在高倍镜下可见淋巴滤泡的生发中心有大的活化的淋巴细胞。右下部是被膜下淋巴窦。

At high magnification is seen a lymph node follicle with a germinal center containing larger lymphocytes undergoing activation. At the lower right is the subcapsular sinus.

更明显的淋巴结的反应性改变,有较大的淋巴滤泡和包含巨噬细胞的生发中心。通常,良性反应过程的淋巴结是很可能迅速变大变软。

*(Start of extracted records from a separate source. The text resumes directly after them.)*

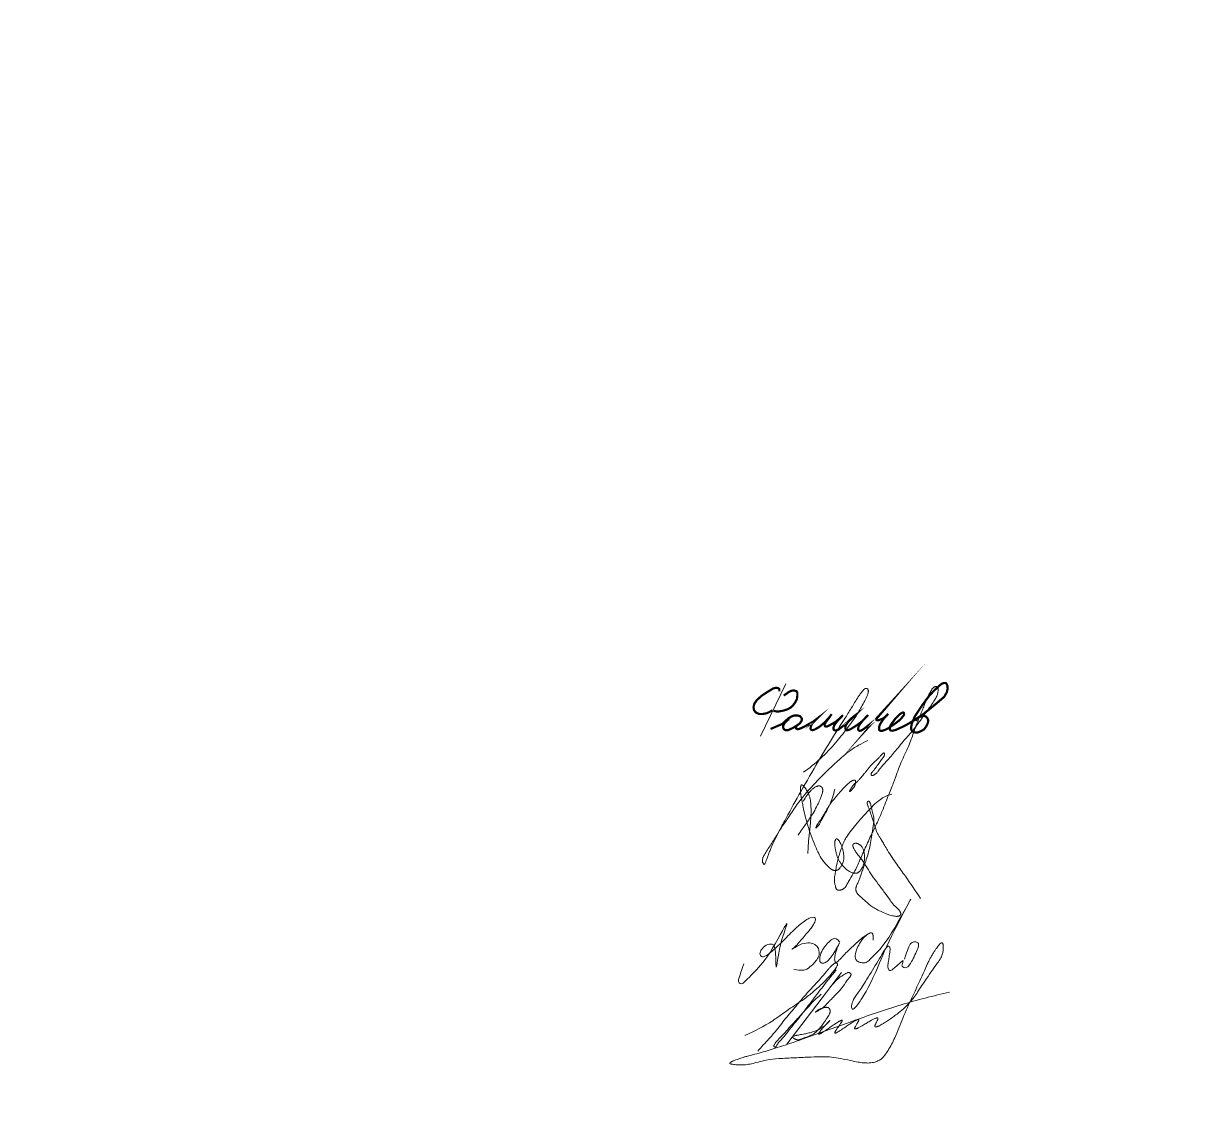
# Model space of a CAD drawing. Header units: millimetres. Extents: x 0 to 210, y 0 to 297.
# Drawn here: x 0 to 96.1, y 0 to 89.4 of the extents above; entities that cross this region are included whole.
import ezdxf

# ---------------------------------------------------------------- set-up
doc = ezdxf.new("R2010")
doc.units = ezdxf.units.MM
for name, pattern in [('K5LT32789', [0]), ('K5LT32790', [0]), ('K5LT32791', [0])]:
    doc.linetypes.add(name, pattern=pattern)
doc.layers.add('Системный слой', color=7, linetype='Continuous')

# ---------------------------------------------------------------- blocks, each defined once
blk = doc.blocks.new('U7')
at = {"layer": 'Системный слой', "color": 5, "linetype": 'K5LT32789', "lineweight": 18, "true_color": 0x0000ff}
for points in [[(66.756, 14.244), (66.534, 14.584), (66.186, 14.584), (65.858, 14.256), (65.486, 13.884), (65.188, 13.374), (65.061, 12.702), (65.267, 12.496), (65.629, 12.585), (65.851, 12.806), (66.11, 13.118), (66.467, 13.662), (66.856, 14.439), (66.467, 13.662), (66.332, 13.035), (66.332, 12.67), (66.423, 12.579), (66.59, 12.637), (67.347, 13.486), (68.174, 14.236), (68.591, 14.614), (69.039, 14.91), (69.244, 15.035), (69.409, 15.035), (69.494, 14.805), (69.494, 14.55), (69.494, 14.281), (69.494, 14.805), (69.409, 15.035), (69.244, 15.045), (68.591, 14.614), (67.989, 13.417), (67.989, 12.885), (68.234, 12.64), (68.579, 12.55), (68.929, 12.55), (69.211, 12.833), (69.569, 13.19), (70.719, 14.34), (73.488, 19.485), (70.719, 14.34), (69.735, 11.882), (68.98, 10.291), (68.299, 9.223), (67.852, 8.692), (67.713, 8.808), (67.713, 9.263), (68.033, 9.835), (68.615, 10.613), (69.542, 12.145), (70.482, 13.748), (70.686, 13.952), (70.839, 13.93), (70.883, 13.68), (70.804, 13.138), (70.741, 12.705), (70.657, 12.277), (70.744, 11.962), (70.92, 11.869), (71.166, 12.114), (71.629, 12.479), (72.046, 12.895), (71.78, 12.342), (71.904, 12.218), (72.091, 12.14), (72.299, 12.218), (72.561, 12.48), (73.259, 13.935), (73.176, 14.23), (72.911, 14.303), (72.569, 14.22), (72.346, 13.785), (72.185, 13.287), (72.046, 12.857)], [(58.912, 12.476), (58.708, 11.908), (58.506, 11.345), (58.441, 10.996), (58.592, 10.845), (58.801, 10.845), (58.997, 11.042), (59.561, 11.605), (60.949, 12.994), (62.938, 16.903), (61.742, 13.981), (61.531, 11.368), (61.531, 13.777), (61.29, 14.166), (60.713, 14.041), (60.319, 13.648), (60.183, 13.294), (60.315, 13.045), (60.674, 13.045), (61.531, 13.777), (62.704, 14.949), (63.518, 15.763), (64.433, 16.364), (64.828, 16.246), (64.728, 15.914), (64.495, 15.494), (63.726, 14.583), (63.085, 13.824), (62.649, 13.529), (63.503, 14.107), (64.19, 14.233), (64.636, 14.135), (64.939, 13.911), (65.076, 13.544), (65.076, 13.109), (64.807, 12.708), (64.536, 12.438), (64.113, 12.015), (63.647, 11.908), (62.996, 12.026)]]:
    blk.add_open_spline(points, degree=3, dxfattribs=at)
blk = doc.blocks.new('U8')
at = {"layer": 'Системный слой', "color": 5, "linetype": 'K5LT32790', "lineweight": 18, "true_color": 0x0000ff}
blk.add_open_spline([(64.139, 21.511), (64.176, 22.835), (64.509, 24.331), (64.355, 25.912), (64.272, 26.219), (64.191, 26.424), (64.099, 26.601), (63.999, 26.758), (63.902, 26.889), (63.822, 26.986), (63.765, 27.045), (63.728, 27.077), (63.705, 27.094), (63.687, 27.104), (63.674, 27.111), (63.662, 27.115), (63.652, 27.117), (63.643, 27.118), (63.636, 27.118), (63.629, 27.116), (63.622, 27.114), (63.616, 27.111), (63.61, 27.106), (63.603, 27.1), (63.597, 27.093), (63.591, 27.083), (63.585, 27.071), (63.578, 27.055), (63.572, 27.036), (63.565, 27.01), (63.558, 26.975), (63.552, 26.926), (63.547, 26.855), (63.544, 26.757), (63.545, 26.632), (63.551, 26.492), (63.564, 26.338), (63.588, 26.165), (63.629, 25.95), (63.695, 25.658), (63.779, 25.222), (63.902, 24.601), (64.111, 23.818), (64.419, 22.977), (64.713, 22.187), (64.996, 21.527), (65.278, 21.047), (65.548, 20.701), (65.78, 20.46), (65.955, 20.29), (66.081, 20.199), (66.162, 20.157), (66.223, 20.135), (66.279, 20.122), (66.334, 20.115), (66.391, 20.114), (66.448, 20.119), (66.504, 20.13), (66.555, 20.147), (66.6, 20.167), (66.64, 20.19), (66.676, 20.217), (66.712, 20.251), (66.753, 20.296), (66.802, 20.364), (66.865, 20.462), (66.939, 20.589), (67.006, 20.733), (67.054, 20.875), (67.081, 21.008), (67.093, 21.141), (67.092, 21.293), (67.072, 21.481), (67.027, 21.712), (66.959, 21.962), (66.882, 22.19), (66.812, 22.358), (66.749, 22.465), (66.697, 22.537), (66.65, 22.593), (66.609, 22.636), (66.575, 22.666), (66.55, 22.683), (66.532, 22.692), (66.518, 22.698), (66.507, 22.701), (66.497, 22.702), (66.488, 22.702), (66.48, 22.701), (66.474, 22.7), (66.467, 22.697), (66.46, 22.693), (66.452, 22.688), (66.444, 22.681), (66.436, 22.673), (66.427, 22.661), (66.416, 22.646), (66.405, 22.625), (66.392, 22.597), (66.377, 22.557), (66.362, 22.507), (66.349, 22.447), (66.339, 22.377), (66.336, 22.299), (66.341, 22.202), (66.36, 22.073), (66.393, 21.887), (66.434, 21.649), (66.499, 21.383), (66.592, 21.136), (66.71, 20.907), (66.85, 20.69), (67.017, 20.477), (67.199, 20.287), (67.372, 20.136), (67.522, 20.033), (67.65, 19.967), (67.76, 19.925), (67.859, 19.898), (67.948, 19.885), (68.024, 19.883), (68.088, 19.888), (68.143, 19.899), (68.191, 19.915), (68.234, 19.935), (68.276, 19.961), (68.321, 19.995), (68.371, 20.041), (68.429, 20.106), (68.495, 20.194), (68.568, 20.308), (68.64, 20.444), (68.701, 20.595), (68.747, 20.756), (68.777, 20.926), (68.791, 21.111), (68.786, 21.307), (68.764, 21.505), (68.724, 21.686), (68.672, 21.837), (68.615, 21.957), (68.558, 22.049), (68.501, 22.12), (68.445, 22.175), (68.386, 22.222), (68.323, 22.262), (68.257, 22.296), (68.192, 22.32), (68.134, 22.337), (68.086, 22.344), (68.047, 22.344), (68.013, 22.341), (67.982, 22.334), (67.952, 22.325), (67.923, 22.312), (67.898, 22.298), (67.877, 22.282), (67.86, 22.267), (67.848, 22.253), (67.838, 22.239), (67.831, 22.226), (67.826, 22.213), (67.822, 22.199), (67.82, 22.183), (67.819, 22.163), (67.821, 22.141), (67.825, 22.115), (67.834, 22.083), (67.849, 22.041), (67.874, 21.984), (67.914, 21.906), (67.966, 21.802), (68.034, 21.679), (68.126, 21.541), (68.259, 21.38), (68.452, 21.151), (68.703, 20.797), (69.023, 20.29), (69.408, 19.662), (69.907, 18.991), (70.408, 18.334), (70.827, 17.76), (71.12, 17.335), (71.358, 17.11), (71.513, 16.976), (71.606, 16.874), (71.664, 16.789), (71.699, 16.724), (71.722, 16.668), (71.735, 16.623), (71.741, 16.587), (71.743, 16.559), (71.741, 16.537), (71.738, 16.519), (71.732, 16.503), (71.726, 16.49), (71.718, 16.477), (71.708, 16.464), (71.696, 16.452), (71.68, 16.439), (71.66, 16.425), (71.633, 16.411), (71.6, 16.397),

This is a more pronounced reactive change in a lymph node, with a larger follicle and germinal center containing macrophages. In general, lymph nodes in a benign reactive process are more likely to enlarge quickly and be tender.

高倍镜下反应性淋巴结滤泡的生发中心有明显的含不规则细胞碎片的巨噬细胞(称为“易染体巨噬细胞”)。血管也是非常明显的。

At high magnification, the germinal center in this reactive lymph node follicle has prominent macrophages with irregular cellular debris (so-called "tingible body macrophages"). Blood vessels are also more prominent.